Il giornale di Rodafà. Rivista online di liturgia del quotidiano





Tutte le foto di questa pagina sono del direttore


Il concistoro rabbinico teatrale del vaticanista bancario


di Stefano Sodaro


Piano a scandalizzarsi nel sentire, il sottoscritto qui presente, affermare – come subito farà - che il presbiterio di qualunque chiesa cattolica è come il palcoscenico di qualunque teatro.

Sì, lo dico e solennemente lo ribadisco. Il presbiterio è come un palcoscenico di teatro. Grazie a Dio, è proprio il caso di aggiungere.

Pensiamo così male del teatro e della sua arte?

Conosciamo, ad esempio, l’interpretazione di Mina del “Veni Creator”?

Ieri a Roma, in Piazza San Pietro, l’inviluppamento tra etica ed estetica, in forza di un rito chiamato “Concistoro” - nel quale il Papa “crea” i nuovi Cardinali -, era potente e quasi impossibile da districare. Del resto, ne erano ben consapevoli gli stessi nuovi 21 neo-porporati.

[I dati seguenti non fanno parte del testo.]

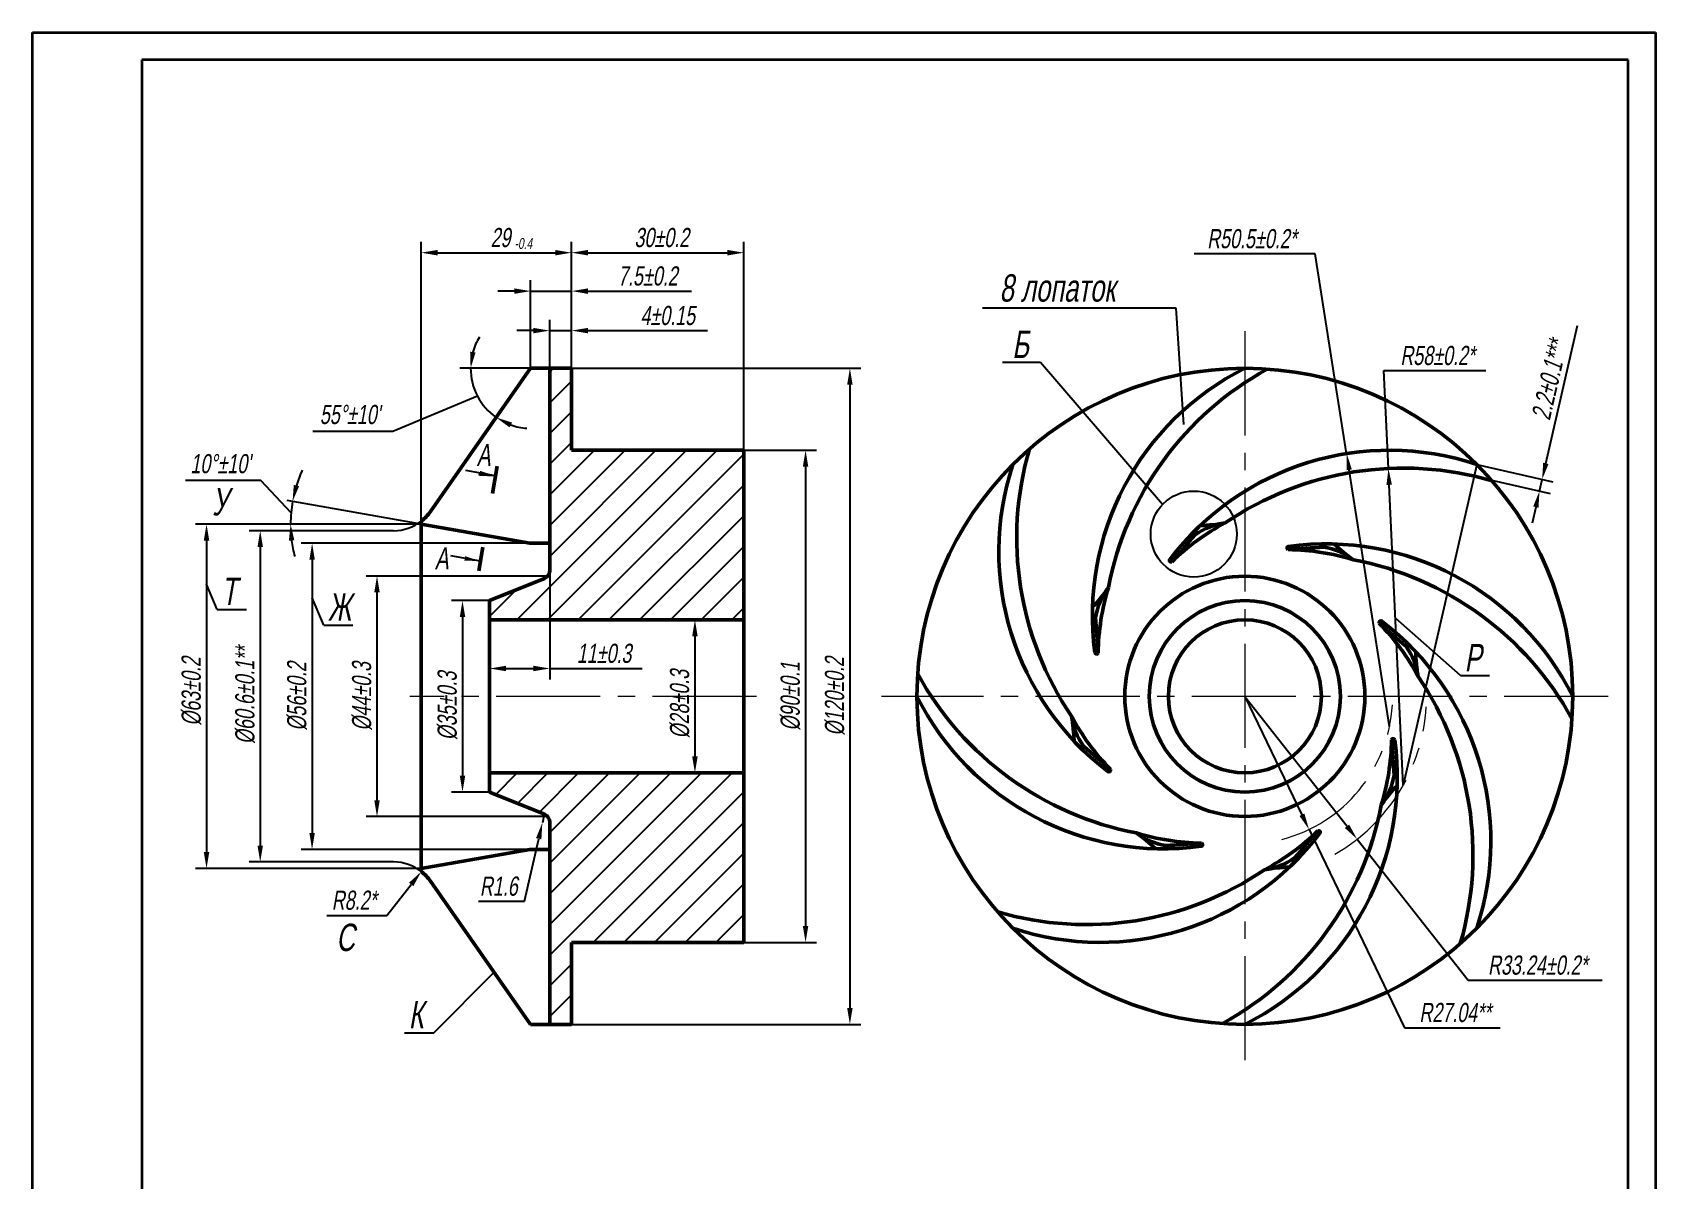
# Model space of a CAD drawing. Header units: millimetres. Extents: x 155 to 2756, y -275 to 1324.
# Drawn here: x 1414.3 to 1711.3, y 940.2 to 1150.2 of the extents above; entities that cross this region are included whole.
import ezdxf

# ---------------------------------------------------------------- set-up
doc = ezdxf.new("R2010")
doc.units = ezdxf.units.MM
doc.header["$PDMODE"] = 35
doc.header["$PDSIZE"] = -30
doc.linetypes.add('CENTER2', pattern=[28.575000000000003, 19.05, -3.175, 3.175, -3.175])
doc.layers.get('0').update_dxf_attribs({"lineweight": 50})
for name, color, linetype, lineweight in [('1', 1, 'CENTER2', 20), ('Layer2', 152, 'Continuous', 25), ('Рамка', 52, 'Continuous', 35)]:
    doc.layers.add(name, color=color, linetype=linetype, lineweight=lineweight)
doc.styles.add('3.5', font='txt.shx', dxfattribs={"width": 0.7, "oblique": 10, "height": 3.5})
doc.styles.add('ST_5', font='w_russin.shx', dxfattribs={"width": 0.7, "oblique": 10, "height": 5})
doc.dimstyles.new('STANDARD(1 1)', dxfattribs={"dimscale": 0, "dimtxt": 3.5, "dimasz": 3, "dimexe": 2, "dimexo": 0, "dimgap": 1, "dimtad": 1, "dimdec": 1, "dimzin": 9, "dimdsep": 46, "dimtxsty": '3.5', "dimcen": 2.5, "dimclrd": 256, "dimclre": 256, "dimclrt": 256, "dimaunit": 1, "dimadec": 0, "dimazin": 0, "dimtfac": 1, "dimtdec": 1, "dimtmove": 0, "dimatfit": 3, "dimfxl": 0, "dimtolj": 1, "dimtzin": 1, "dimarcsym": 0})
doc.dimstyles.new('STANDARD(1 1)$2', dxfattribs={"dimscale": 0, "dimtxt": 3.5, "dimasz": 3, "dimexe": 2, "dimexo": 0, "dimgap": 1, "dimtad": 1, "dimdec": 1, "dimzin": 9, "dimdsep": 46, "dimtxsty": '3.5', "dimcen": 2.5, "dimclrd": 256, "dimclre": 256, "dimclrt": 256, "dimaunit": 1, "dimadec": 0, "dimazin": 0, "dimtfac": 1, "dimtdec": 1, "dimtmove": 0, "dimatfit": 3, "dimfxl": 0, "dimtolj": 1, "dimtzin": 1, "dimarcsym": 0})
doc.dimstyles.new('STANDARD(1 1)$4', dxfattribs={"dimscale": 0, "dimtxt": 3.5, "dimasz": 3, "dimexe": 2, "dimexo": 0, "dimgap": 1, "dimtad": 1, "dimtoh": 1, "dimdec": 1, "dimzin": 9, "dimdsep": 46, "dimtxsty": '3.5', "dimcen": 2.5, "dimclrd": 256, "dimclre": 256, "dimclrt": 256, "dimaunit": 1, "dimadec": 0, "dimazin": 0, "dimtfac": 1, "dimtdec": 1, "dimtofl": 0, "dimtmove": 0, "dimatfit": 2, "dimfxl": 0, "dimtolj": 1, "dimtzin": 1, "dimarcsym": 0})

# ---------------------------------------------------------------- blocks, each defined once
blk = doc.blocks.new('*D102')
at = {"layer": 'Defpoints', "color": 0}
for p in [(1654.801946078672, 1073.141479014382), (1662.648670248061, 1023.254818274163)]:
    blk.add_point(p, dxfattribs=at)
at = {"layer": 'Layer2', "lineweight": -2}
for p, q in [((1649.053866490229, 1109.685709466004), (1626.874885548104, 1109.685709466004)), ((1654.801946078672, 1073.141479014382), (1649.053866490229, 1109.685709466004)), ((1662.648670248061, 1023.254818274163), (1655.268088108537, 1070.177915010012))]:
    blk.add_line(p, q, dxfattribs=at)
at = {"layer": 'Layer2'}
blk.add_solid([(1655.762015442599, 1070.255605348323), (1654.774160774476, 1070.100224671701), (1654.801946078672, 1073.141479014382)], dxfattribs=at)
at = {"layer": 'Layer2', "insert": (1637.464376019167, 1112.435709466004), "char_height": 3.5, "attachment_point": 5, "style": '3.5'}
blk.add_mtext('\\A1;{\\Fw_russin.shx;R50.5±0.2*}', dxfattribs=at)
blk = doc.blocks.new('*D103')
at = {"layer": 'Defpoints', "color": 0}
for p in [(1662.44658755853, 1070.424758354777), (1665.165917528803, 1012.488541318172)]:
    blk.add_point(p, dxfattribs=at)
at = {"layer": 'Layer2', "lineweight": -2}
for p, q in [((1662.44658755853, 1070.424758354777), (1661.606649763652, 1088.319908598872)), ((1661.606649763652, 1088.319908598872), (1680.285630705778, 1088.319908598872)), ((1665.165917528803, 1012.488541318172), (1662.587242556993, 1067.428057473574))]:
    blk.add_line(p, q, dxfattribs=at)
at = {"layer": 'Layer2'}
blk.add_solid([(1663.08669270386, 1067.451499973317), (1662.087792410125, 1067.40461497383), (1662.44658755853, 1070.424758354777)], dxfattribs=at)
at = {"layer": 'Layer2', "insert": (1671.446140234715, 1091.069908598872), "char_height": 3.5, "attachment_point": 5, "style": '3.5'}
blk.add_mtext('\\A1;{\\Fw_russin.shx;R58±0.2*}', dxfattribs=at)
blk = doc.blocks.new('*D104')
at = {"layer": 'Defpoints', "color": 0}
for p in [(1678.598020279025, 1071.170037501354), (1678.10732575238, 1069.026315886955), (1690.086596985714, 1066.284279426662)]:
    blk.add_point(p, dxfattribs=at)
at = {"layer": 'Layer2', "lineweight": -2}
for p, q in [((1691.246674696337, 1071.35236869117), (1697.024728638109, 1096.595240684897)), ((1678.598020279025, 1071.170037501354), (1692.526869945766, 1067.981745585075)), ((1678.10732575238, 1069.026315886955), (1692.03617541912, 1065.838023970677)), ((1690.086596985714, 1066.284279426662), (1690.577291512359, 1068.428001041061)), ((1689.417213801736, 1063.359911776552), (1688.747830617758, 1060.435544126443))]:
    blk.add_line(p, q, dxfattribs=at)
at = {"layer": 'Layer2'}
for points in [[(1690.759280087986, 1071.463932555167), (1691.734069304689, 1071.240804827174), (1690.577291512359, 1068.428001041061)], [(1688.929819193384, 1063.471475640549), (1689.904608410088, 1063.248347912556), (1690.086596985714, 1066.284279426662)]]:
    blk.add_solid(points, dxfattribs=at)
at = {"layer": 'Layer2', "insert": (1691.927326808503, 1086.650746754601), "char_height": 3.5, "attachment_point": 5, "rotation": 77.1071937784888, "style": '3.5'}
blk.add_mtext('\\A1;{\\Fw_russin.shx;2.2±0.1***}', dxfattribs=at)
blk = doc.blocks.new('*D105')
at = {"layer": 'Defpoints', "color": 0}
for p in [(1636.171613407834, 1028.743630630163), (1647.919103948357, 1004.388794026311)]:
    blk.add_point(p, dxfattribs=at)
at = {"layer": 'Layer2', "lineweight": -2}
for p, q in [((1636.171613407834, 1028.743630630163), (1646.615758104364, 1007.090883886206)), ((1647.919103948357, 1004.388794026311), (1665.405362227453, 968.1363738408206)), ((1665.405362227453, 968.1363738408206), (1682.917676502912, 968.1363738408206))]:
    blk.add_line(p, q, dxfattribs=at)
at = {"layer": 'Layer2'}
blk.add_solid([(1647.066106414347, 1007.308108193538), (1646.165409794382, 1006.873659578874), (1647.919103948357, 1004.388794026311)], dxfattribs=at)
at = {"layer": 'Layer2', "insert": (1674.661519365182, 970.8863738408204), "char_height": 3.5, "attachment_point": 5, "style": '3.5'}
blk.add_mtext('\\A1;{\\Fw_russin.shx;R27.04**}', dxfattribs=at)
blk = doc.blocks.new('*D106')
at = {"layer": 'Defpoints', "color": 0}
for p in [(1636.171613407833, 1028.743630630162), (1656.720155062761, 1002.615962616049)]:
    blk.add_point(p, dxfattribs=at)
at = {"layer": 'Layer2', "lineweight": -2}
for p, q in [((1636.171613407833, 1028.743630630162), (1654.865593541557, 1004.974055397106)), ((1656.720155062761, 1002.615962616049), (1677.013714293479, 976.8125072025682)), ((1677.013714293479, 976.8125072025682), (1701.526028568938, 976.8125072025681))]:
    blk.add_line(p, q, dxfattribs=at)
at = {"layer": 'Layer2'}
blk.add_solid([(1655.258609005067, 1005.283148983973), (1654.472578078048, 1004.664961810239), (1656.720155062761, 1002.615962616049)], dxfattribs=at)
at = {"layer": 'Layer2', "insert": (1689.769871431208, 979.5625072025683), "char_height": 3.5, "attachment_point": 5, "style": '3.5'}
blk.add_mtext('\\A1;{\\Fw_russin.shx;R33.24±0.2*}', dxfattribs=at)
blk = doc.blocks.new('*D48')
at = {"layer": 'Defpoints', "color": 0}
for p in [(1461.59845686784, 1061.634400166727), (1485.204706992428, 1060.243630630162), (1485.477047632341, 1060.243630630162), (1485.477047632341, 1060.243630630162), (1505.326534001003, 1056.743630630162)]:
    blk.add_point(p, dxfattribs=at)
at = {"layer": 'Layer2', "lineweight": -2}
for p, q in [((1456.133256409021, 1068.195958667056), (1442.327541598195, 1068.195958667056)), ((1461.649008844507, 1062.328313898156), (1456.133256409021, 1068.195958667056)), ((1485.477047632341, 1060.243630630162), (1460.93656609158, 1064.570779645376)), ((1485.204706992428, 1060.243630630162), (1460.557989607361, 1060.243630630167))]:
    blk.add_line(p, q, dxfattribs=at)
for start, end in [(155.6181457738346, 162.8090728869172), (169.9999999999999, 179.9999999999892), (187.1909271130719, 194.3818542261545)]:
    blk.add_arc((1485.477047632341, 1060.243630630162), 23.91905802497971, start, end, dxfattribs=at)
at = {"layer": 'Layer2'}
for points in [[(1463.112559121659, 1067.195537734801), (1462.140579506544, 1067.430602891304), (1461.921373844592, 1064.397131467709)], [(1461.247108258043, 1057.218179789937), (1462.245139954838, 1057.28089128963), (1461.557989607361, 1060.243630630166)]]:
    blk.add_solid(points, dxfattribs=at)
at = {"layer": 'Layer2', "insert": (1448.730399003608, 1071.279292000389), "char_height": 3.5, "attachment_point": 5, "style": '3.5'}
blk.add_mtext("\\A1;{\\Fw_russin.shx;10°±10'}", dxfattribs=at)
blk = doc.blocks.new('*D49')
at = {"layer": 'Defpoints', "color": 0}
for p in [(1485.477047632341, 996.6924803098217), (1480.412233932989, 990.2436306301627)]:
    blk.add_point(p, dxfattribs=at)
at = {"layer": 'Layer2', "lineweight": -2}
for p, q in [((1479.181612934161, 988.6767240655462), (1483.624067010626, 994.3331450611655)), ((1468.202631992035, 988.6767240655462), (1479.181612934161, 988.6767240655462))]:
    blk.add_line(p, q, dxfattribs=at)
at = {"layer": 'Layer2'}
blk.add_solid([(1483.230844469183, 994.6419751647845), (1484.017289552069, 994.0243149575465), (1485.477047632341, 996.6924803098217)], dxfattribs=at)
at = {"layer": 'Layer2', "insert": (1473.192122463098, 991.4267240655461), "char_height": 3.5, "attachment_point": 5, "style": '3.5'}
blk.add_mtext('\\A1;{\\Fw_russin.shx;R8.2*}', dxfattribs=at)
blk = doc.blocks.new('*D50')
at = {"layer": 'Defpoints', "color": 0}
for p in [(1507.978185637599, 1007.186389320444), (1507.623729750684, 1005.626145421487)]:
    blk.add_point(p, dxfattribs=at)
at = {"layer": 'Layer2', "lineweight": -2}
for p, q in [((1507.978185637599, 1007.186389320444), (1507.623729750684, 1005.626145421487)), ((1504.358162633944, 991.251772308704), (1506.95912496272, 1002.700688110943)), ((1495.945848358485, 991.2517723087042), (1504.358162633944, 991.251772308704))]:
    blk.add_line(p, q, dxfattribs=at)
at = {"layer": 'Layer2'}
blk.add_solid([(1506.471548744296, 1002.811455575603), (1507.446701181144, 1002.589920646282), (1507.623729750684, 1005.626145421487)], dxfattribs=at)
at = {"layer": 'Layer2', "insert": (1499.652005496214, 994.0017723087037), "char_height": 3.5, "attachment_point": 5, "style": '3.5'}
blk.add_mtext('\\A1;{\\Fw_russin.shx;R1.6}', dxfattribs=at)
blk = doc.blocks.new('*D51')
at = {"layer": 'Defpoints', "color": 0}
for p in [(1512.977047632341, 1088.743630630162), (1512.977047632341, 968.7436306301618), (1563.901710428176, 968.7436306301618)]:
    blk.add_point(p, dxfattribs=at)
at = {"layer": 'Layer2', "lineweight": -2}
for p, q in [((1512.977047632341, 1088.743630630162), (1565.901710428176, 1088.743630630162)), ((1563.901710428176, 1085.743630630162), (1563.901710428176, 971.7436306301618)), ((1512.977047632341, 968.7436306301618), (1565.901710428176, 968.7436306301618))]:
    blk.add_line(p, q, dxfattribs=at)
at = {"layer": 'Layer2'}
for points in [[(1563.401710428176, 1085.743630630162), (1564.401710428176, 1085.743630630162), (1563.901710428176, 1088.743630630162)], [(1563.401710428176, 971.7436306301618), (1564.401710428176, 971.7436306301618), (1563.901710428176, 968.7436306301618)]]:
    blk.add_solid(points, dxfattribs=at)
at = {"layer": 'Layer2', "insert": (1561.151710428176, 1028.743630630162), "char_height": 3.5, "attachment_point": 5, "rotation": 90, "style": '3.5'}
blk.add_mtext('\\A1;{\\Fw_russin.shx;%%c120±0.2}', dxfattribs=at)
blk = doc.blocks.new('*D52')
at = {"layer": 'Defpoints', "color": 0}
for p in [(1544.477047632341, 1073.743630630162), (1544.477047632341, 983.7436306301618), (1555.783915065988, 983.7436306301618)]:
    blk.add_point(p, dxfattribs=at)
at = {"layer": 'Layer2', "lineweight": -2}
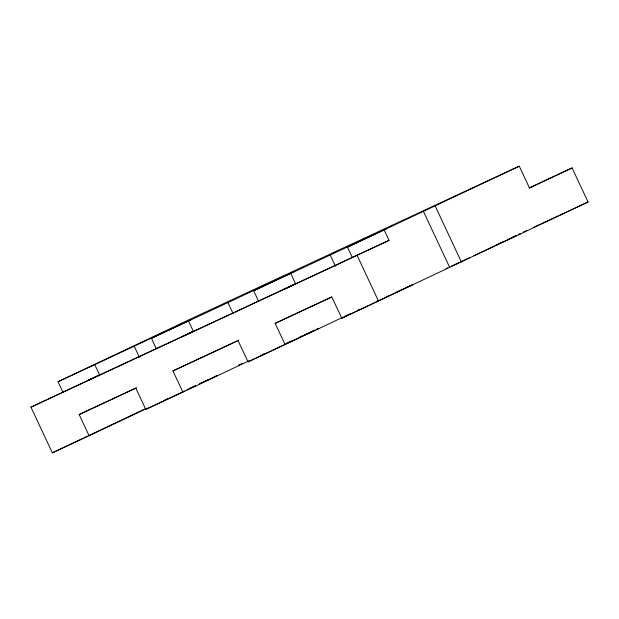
<?xml version="1.0" encoding="UTF-8"?>
<svg xmlns="http://www.w3.org/2000/svg" width="619" height="619" viewBox="0 0 619 619"><rect width="100%" height="100%" fill="white"/><g stroke="black" fill="none" stroke-linecap="round" stroke-linejoin="round"><path stroke-width="0.93" d="M62.844 392.051L58 381.722L193.027 317.864L519.279 166.171L529.539 188.075L572.08 167.919L588.05 202.018L341.789 318.251L331.846 297.035L275.169 323.389L285.111 344.605L248.01 361.852L238.075 340.636L172.941 370.92L182.884 392.137L145.782 409.383L135.847 388.175L79.17 414.529L89.105 435.737L52.344 452.829L30.95 407.155L99.597 374.959L94.761 364.63L190.76 319.652L151.438 338.276L156.274 348.605L87.674 380.608L99.597 374.959M188.54 321.029L292.988 272.112L253.666 290.744L258.502 301.074L246.579 306.714L181.452 336.999L193.376 331.351L188.54 321.029L151.438 338.276M290.768 273.49L386.767 228.512L347.445 247.143L352.281 257.465L340.357 263.114L283.68 289.468L295.603 283.819L290.768 273.49L253.666 290.744M347.445 247.143L519.279 166.171M30.95 407.155L389.042 240.373L384.198 230.051M79.17 414.529L136.629 387.633M172.941 370.92L238.934 340.063M275.169 323.389L294.273 314.344M52.344 452.829L83.372 438.136M84.238 437.726L87.712 436.078M89.453 435.258L145.063 408.911M89.105 435.737L147.291 408.176M145.782 409.383L184.857 390.875M186.598 390.055L195.279 385.939M199.628 383.881L216.998 375.656L212.634 377.683M182.884 392.137L249.751 360.459M248.01 361.852L314.885 330.175M285.111 344.605L343.297 317.044M345.031 316.216L351.112 313.338M341.789 318.251L412.997 284.516L396.431 292.222M480.87 252.467L516.641 235.522L507.928 239.538M518.389 234.702L520.13 233.874L518.389 234.678M58 381.722L94.761 364.63M156.274 348.605L193.376 331.351M258.502 301.074L295.603 283.819M352.281 257.465L389.042 240.373M529.222 187.851L572.08 167.919M295.139 313.934L331.761 296.903M512.826 237L514.575 236.179M523.326 232.117L526.823 230.492M533.818 227.235L588.05 202.018M495.718 245.217L503.564 241.565M238.648 365.102L242.137 363.485M445.99 268.692L447.73 267.888M451.22 266.263L459.066 262.611M460.815 261.806L469.535 257.752M473.891 255.724L479.996 252.885M164.685 399.982L167.3 398.76M189.097 388.624L195.202 385.792M199.558 383.765L208.278 379.71M261.914 354.772L264.514 353.557M286.226 343.46L292.307 340.636M299.256 337.409L302.73 335.792M304.463 334.987L314.885 330.136M358.068 310.057L359.809 309.245M376.375 301.546L378.998 300.331M385.97 297.081L389.459 295.464M435.188 206.003L461.418 261.999M423.458 211.45L449.696 267.454M357.148 255.477L378.542 301.159M330.089 254.866L335.421 266.24M227.862 302.397L233.193 313.779M134.091 346.006L139.414 357.38M318.359 328.534L316.618 329.354L318.359 328.527"/></g></svg>

Ma gli eventi della vita non fioriscono nel deserto riarso.

E mercoledì e giovedì scorsi una singolare “Mina” dei nostri giorni, con alcune assolute peculiarità tutte sue peraltro, si è – diciamo così – introdotta in ben due chiese cattoliche: di Milano (San Fedele) e di Bergamo (Loreto) a parlare, anzi a tenere una lezione. Su che?

Sarebbe meglio chiedere su chi? e non svenire tuttavia per la risposta immediata ed espirata di getto: su Dio.

Miriam Camerini, futura rabbina ortodossa (nel 2025 è stata rivelata/annunciata pubblicamente a Bergamo la sua ordinazione, la sua semikhah…), ha parlato di Dio, proprio così. E tuttavia dentro – non fuori, in un qualche auditorium, oratorio parrocchiale o luogo simile –, dentro ben due chiese cattoliche. Benché nella seconda - ho guardato con attenzione - fosse stato asportato il Santissimo dal Tabernacolo.

Ma che c’entra Miriam Camerini, e prima di lei la leggendaria Mina, con i Cardinali di un Concistoro?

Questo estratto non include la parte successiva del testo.